Mr. Walz, critics say, failed to hold anyone accountable for inadequate safeguards that allowed fraud to continue.

“It will be one of the top campaign issues because we have a budget deficit and taxes in Minnesota are high,” said State Senator Jordan Rasmusson, a Republican who represents a largely rural district in western Minnesota. “Minnesotans are generous, but I don’t think they are going to tolerate more of their tax dollars going to criminals.”

Mr. Walz said his administration had taken steps to curb fraud, much of which he said unfolded as money was being disbursed quickly during the pandemic.

“There’s a big difference between fraud and corruption,” he said. “This is criminals being caught, just like if they steal from your house.”

Asked about the role he might play in helping Democrats win back the White House, Mr. Walz said he intended to call out policies by the Trump administration that he considered “cruel” and “illogical.” To win, though, he said, Democrats must find a way to “bring a politics of hopefulness.”

Jaime Harrison, who served as the chair of the Democratic National Committee from 2021 until February, said that whether or not Mr. Walz served a third term as governor, he would make a strong presidential contender in 2028.

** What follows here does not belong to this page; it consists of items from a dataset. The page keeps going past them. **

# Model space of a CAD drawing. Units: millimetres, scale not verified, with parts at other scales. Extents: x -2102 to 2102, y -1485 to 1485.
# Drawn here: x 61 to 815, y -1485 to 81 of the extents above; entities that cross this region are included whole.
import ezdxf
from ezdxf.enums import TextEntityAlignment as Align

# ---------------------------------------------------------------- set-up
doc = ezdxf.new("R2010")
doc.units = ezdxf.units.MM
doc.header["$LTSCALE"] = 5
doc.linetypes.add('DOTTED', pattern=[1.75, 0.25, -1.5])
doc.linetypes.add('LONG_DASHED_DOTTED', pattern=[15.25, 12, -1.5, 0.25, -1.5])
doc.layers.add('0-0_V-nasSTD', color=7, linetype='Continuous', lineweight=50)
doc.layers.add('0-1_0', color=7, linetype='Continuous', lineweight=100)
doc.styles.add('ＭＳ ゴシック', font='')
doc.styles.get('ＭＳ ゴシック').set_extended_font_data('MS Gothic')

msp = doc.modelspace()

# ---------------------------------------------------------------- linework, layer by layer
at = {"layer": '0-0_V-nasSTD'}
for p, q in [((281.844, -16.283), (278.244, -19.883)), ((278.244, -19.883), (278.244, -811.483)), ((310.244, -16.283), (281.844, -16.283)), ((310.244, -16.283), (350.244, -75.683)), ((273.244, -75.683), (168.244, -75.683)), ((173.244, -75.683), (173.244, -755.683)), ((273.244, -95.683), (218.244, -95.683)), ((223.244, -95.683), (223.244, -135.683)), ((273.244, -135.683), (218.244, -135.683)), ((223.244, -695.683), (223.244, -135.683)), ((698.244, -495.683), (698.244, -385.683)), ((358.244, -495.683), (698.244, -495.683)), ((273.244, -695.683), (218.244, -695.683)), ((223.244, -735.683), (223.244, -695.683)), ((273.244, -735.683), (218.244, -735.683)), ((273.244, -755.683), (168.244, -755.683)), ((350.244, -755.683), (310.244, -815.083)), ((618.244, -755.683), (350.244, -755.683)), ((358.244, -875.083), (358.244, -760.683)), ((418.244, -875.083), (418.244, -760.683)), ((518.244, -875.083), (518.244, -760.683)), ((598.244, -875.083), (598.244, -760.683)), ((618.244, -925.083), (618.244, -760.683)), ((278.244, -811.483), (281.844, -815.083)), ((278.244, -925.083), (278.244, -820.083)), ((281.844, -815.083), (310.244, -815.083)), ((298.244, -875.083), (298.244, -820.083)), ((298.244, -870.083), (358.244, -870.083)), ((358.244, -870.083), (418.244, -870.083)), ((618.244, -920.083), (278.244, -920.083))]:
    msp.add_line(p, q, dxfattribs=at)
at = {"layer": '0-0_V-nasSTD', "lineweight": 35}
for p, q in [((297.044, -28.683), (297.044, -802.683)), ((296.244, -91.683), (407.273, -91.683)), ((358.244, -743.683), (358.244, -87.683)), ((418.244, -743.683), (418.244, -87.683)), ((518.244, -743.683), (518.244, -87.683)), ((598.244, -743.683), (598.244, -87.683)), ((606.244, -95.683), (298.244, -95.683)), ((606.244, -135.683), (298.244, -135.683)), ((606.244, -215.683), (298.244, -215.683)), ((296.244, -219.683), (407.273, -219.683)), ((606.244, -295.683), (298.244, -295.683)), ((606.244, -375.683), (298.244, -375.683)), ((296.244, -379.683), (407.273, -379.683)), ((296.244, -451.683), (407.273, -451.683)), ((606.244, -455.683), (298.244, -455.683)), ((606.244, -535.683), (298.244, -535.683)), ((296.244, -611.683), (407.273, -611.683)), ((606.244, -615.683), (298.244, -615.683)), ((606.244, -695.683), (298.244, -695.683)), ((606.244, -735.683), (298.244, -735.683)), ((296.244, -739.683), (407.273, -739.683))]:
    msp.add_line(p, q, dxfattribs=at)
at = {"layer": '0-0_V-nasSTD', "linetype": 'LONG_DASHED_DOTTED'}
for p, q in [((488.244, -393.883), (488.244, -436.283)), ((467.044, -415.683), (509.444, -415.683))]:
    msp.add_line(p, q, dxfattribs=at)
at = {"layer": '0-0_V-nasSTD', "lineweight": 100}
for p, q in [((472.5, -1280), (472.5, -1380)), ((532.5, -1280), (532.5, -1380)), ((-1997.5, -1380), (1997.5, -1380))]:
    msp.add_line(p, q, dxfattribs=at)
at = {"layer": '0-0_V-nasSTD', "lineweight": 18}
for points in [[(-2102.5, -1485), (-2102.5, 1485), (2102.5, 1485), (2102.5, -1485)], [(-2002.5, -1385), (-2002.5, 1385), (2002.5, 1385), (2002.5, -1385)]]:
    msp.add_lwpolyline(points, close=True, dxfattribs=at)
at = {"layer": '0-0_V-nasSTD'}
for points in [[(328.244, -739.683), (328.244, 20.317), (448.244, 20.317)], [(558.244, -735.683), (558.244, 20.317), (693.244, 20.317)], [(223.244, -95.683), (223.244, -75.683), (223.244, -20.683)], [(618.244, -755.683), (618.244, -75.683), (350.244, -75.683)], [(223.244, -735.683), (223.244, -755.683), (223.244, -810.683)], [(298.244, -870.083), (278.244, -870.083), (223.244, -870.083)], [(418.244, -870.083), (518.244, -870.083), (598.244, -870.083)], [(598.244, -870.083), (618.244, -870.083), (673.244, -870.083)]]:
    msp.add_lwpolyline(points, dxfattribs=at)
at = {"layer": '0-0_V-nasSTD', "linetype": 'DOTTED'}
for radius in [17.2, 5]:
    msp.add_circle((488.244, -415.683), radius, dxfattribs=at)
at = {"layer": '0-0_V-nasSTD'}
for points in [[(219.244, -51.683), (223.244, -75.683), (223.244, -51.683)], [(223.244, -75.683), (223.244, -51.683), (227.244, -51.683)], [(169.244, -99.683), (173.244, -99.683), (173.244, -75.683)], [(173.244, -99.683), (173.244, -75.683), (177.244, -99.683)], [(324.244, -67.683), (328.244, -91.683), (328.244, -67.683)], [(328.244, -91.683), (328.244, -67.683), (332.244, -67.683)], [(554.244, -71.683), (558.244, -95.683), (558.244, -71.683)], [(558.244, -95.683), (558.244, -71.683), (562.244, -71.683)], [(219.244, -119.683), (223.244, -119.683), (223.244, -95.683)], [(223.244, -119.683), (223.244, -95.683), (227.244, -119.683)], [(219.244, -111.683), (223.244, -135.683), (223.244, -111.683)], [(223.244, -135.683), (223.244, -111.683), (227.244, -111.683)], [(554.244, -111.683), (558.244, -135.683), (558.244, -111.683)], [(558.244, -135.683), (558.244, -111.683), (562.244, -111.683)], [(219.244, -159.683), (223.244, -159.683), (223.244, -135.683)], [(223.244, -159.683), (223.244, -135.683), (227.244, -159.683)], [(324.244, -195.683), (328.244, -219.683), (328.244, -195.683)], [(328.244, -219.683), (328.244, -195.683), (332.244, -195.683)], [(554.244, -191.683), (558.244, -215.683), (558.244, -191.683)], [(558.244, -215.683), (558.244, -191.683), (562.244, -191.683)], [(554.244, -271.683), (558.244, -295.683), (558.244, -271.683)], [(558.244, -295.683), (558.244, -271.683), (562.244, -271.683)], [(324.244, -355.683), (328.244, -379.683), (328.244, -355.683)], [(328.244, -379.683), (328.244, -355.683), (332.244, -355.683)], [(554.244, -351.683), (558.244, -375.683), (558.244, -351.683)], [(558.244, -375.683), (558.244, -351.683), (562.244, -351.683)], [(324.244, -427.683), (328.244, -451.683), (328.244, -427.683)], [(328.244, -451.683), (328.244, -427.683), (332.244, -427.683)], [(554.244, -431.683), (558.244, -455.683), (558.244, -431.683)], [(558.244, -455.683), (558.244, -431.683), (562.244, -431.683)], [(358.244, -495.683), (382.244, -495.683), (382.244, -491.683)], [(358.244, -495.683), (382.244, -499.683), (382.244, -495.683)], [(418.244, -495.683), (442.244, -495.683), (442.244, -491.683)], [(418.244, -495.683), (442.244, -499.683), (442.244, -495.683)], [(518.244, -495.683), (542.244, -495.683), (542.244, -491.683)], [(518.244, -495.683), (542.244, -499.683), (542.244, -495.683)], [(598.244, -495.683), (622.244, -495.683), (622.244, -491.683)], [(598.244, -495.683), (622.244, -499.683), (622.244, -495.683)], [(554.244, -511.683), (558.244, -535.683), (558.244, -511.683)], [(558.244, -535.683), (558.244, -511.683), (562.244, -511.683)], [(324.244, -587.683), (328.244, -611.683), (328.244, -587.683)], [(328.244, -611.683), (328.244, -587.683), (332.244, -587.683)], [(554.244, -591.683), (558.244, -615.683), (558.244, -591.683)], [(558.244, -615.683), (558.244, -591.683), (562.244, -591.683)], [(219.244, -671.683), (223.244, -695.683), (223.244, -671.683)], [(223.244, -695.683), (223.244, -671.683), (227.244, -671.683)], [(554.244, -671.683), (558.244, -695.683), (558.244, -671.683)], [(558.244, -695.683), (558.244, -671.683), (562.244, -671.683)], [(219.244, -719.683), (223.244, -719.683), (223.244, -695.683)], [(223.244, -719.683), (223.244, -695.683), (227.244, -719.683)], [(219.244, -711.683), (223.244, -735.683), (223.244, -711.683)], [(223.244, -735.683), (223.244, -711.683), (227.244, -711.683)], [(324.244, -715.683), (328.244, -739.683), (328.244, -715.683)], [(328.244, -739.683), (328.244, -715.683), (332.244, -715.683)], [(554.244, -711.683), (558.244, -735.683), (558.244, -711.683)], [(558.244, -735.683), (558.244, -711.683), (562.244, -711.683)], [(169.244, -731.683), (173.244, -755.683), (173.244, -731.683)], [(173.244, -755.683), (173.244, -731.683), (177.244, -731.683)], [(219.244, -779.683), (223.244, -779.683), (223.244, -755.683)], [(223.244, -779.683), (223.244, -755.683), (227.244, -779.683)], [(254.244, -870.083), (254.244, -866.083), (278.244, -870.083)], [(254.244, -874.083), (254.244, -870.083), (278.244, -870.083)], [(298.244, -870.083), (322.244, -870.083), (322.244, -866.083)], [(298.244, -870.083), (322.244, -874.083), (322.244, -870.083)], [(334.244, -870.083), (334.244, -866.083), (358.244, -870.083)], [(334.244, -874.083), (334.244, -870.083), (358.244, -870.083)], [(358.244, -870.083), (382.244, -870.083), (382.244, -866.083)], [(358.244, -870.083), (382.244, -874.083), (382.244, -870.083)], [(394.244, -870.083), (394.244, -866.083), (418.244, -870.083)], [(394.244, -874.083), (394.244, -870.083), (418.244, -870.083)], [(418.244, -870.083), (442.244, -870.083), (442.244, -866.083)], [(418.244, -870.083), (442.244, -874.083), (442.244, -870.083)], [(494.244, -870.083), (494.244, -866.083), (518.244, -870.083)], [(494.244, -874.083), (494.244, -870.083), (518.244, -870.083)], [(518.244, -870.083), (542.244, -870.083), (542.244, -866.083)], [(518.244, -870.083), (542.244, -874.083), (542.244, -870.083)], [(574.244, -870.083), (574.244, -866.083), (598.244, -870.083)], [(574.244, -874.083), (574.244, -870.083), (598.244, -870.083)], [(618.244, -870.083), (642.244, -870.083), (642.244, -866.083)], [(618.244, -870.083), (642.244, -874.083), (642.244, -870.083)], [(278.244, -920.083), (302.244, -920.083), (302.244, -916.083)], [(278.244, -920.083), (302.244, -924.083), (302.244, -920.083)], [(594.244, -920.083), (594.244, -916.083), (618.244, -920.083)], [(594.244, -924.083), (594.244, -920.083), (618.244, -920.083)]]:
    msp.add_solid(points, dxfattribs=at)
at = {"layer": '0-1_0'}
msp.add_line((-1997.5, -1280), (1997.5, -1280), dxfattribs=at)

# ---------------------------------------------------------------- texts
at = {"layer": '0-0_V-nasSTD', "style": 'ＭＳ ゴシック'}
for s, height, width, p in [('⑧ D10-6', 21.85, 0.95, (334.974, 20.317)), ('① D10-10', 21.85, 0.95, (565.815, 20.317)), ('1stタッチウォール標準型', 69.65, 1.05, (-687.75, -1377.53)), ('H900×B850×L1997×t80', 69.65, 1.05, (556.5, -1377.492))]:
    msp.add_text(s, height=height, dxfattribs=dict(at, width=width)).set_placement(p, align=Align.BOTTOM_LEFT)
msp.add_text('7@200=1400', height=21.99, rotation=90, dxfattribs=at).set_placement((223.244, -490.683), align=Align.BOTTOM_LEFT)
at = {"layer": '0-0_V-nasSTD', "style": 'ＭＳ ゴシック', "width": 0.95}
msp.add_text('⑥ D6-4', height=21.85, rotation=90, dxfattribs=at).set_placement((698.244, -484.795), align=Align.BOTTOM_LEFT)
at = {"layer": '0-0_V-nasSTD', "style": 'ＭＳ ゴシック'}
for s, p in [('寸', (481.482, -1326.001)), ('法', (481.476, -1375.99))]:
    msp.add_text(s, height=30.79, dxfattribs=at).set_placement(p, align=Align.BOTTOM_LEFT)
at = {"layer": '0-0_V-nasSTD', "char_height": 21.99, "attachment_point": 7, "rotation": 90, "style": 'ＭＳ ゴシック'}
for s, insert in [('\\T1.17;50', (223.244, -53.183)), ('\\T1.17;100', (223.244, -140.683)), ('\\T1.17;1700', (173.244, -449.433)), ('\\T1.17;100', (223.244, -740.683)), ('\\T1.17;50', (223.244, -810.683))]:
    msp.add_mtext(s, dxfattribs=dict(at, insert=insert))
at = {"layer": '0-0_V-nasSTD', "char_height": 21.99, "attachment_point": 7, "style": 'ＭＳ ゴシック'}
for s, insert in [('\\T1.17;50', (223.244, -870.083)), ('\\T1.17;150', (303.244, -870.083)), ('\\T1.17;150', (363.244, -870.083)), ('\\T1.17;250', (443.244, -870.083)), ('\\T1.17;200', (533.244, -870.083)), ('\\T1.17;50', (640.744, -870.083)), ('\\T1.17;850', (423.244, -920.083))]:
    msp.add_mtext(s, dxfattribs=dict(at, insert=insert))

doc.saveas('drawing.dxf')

After Mr. Walz made an initial splash on the campaign trail last year, Mr. Harrison said he felt the Harris campaign kept the governor “handcuffed a little bit,” which he said may have been a mistake.

“I think one of the things that people will look for in the 2028 is authenticity, people who are willing to roll up sleeves and fight,” Mr. Harrison said in an interview before the announcement. “I believe that Tim Walz is that type of leader.”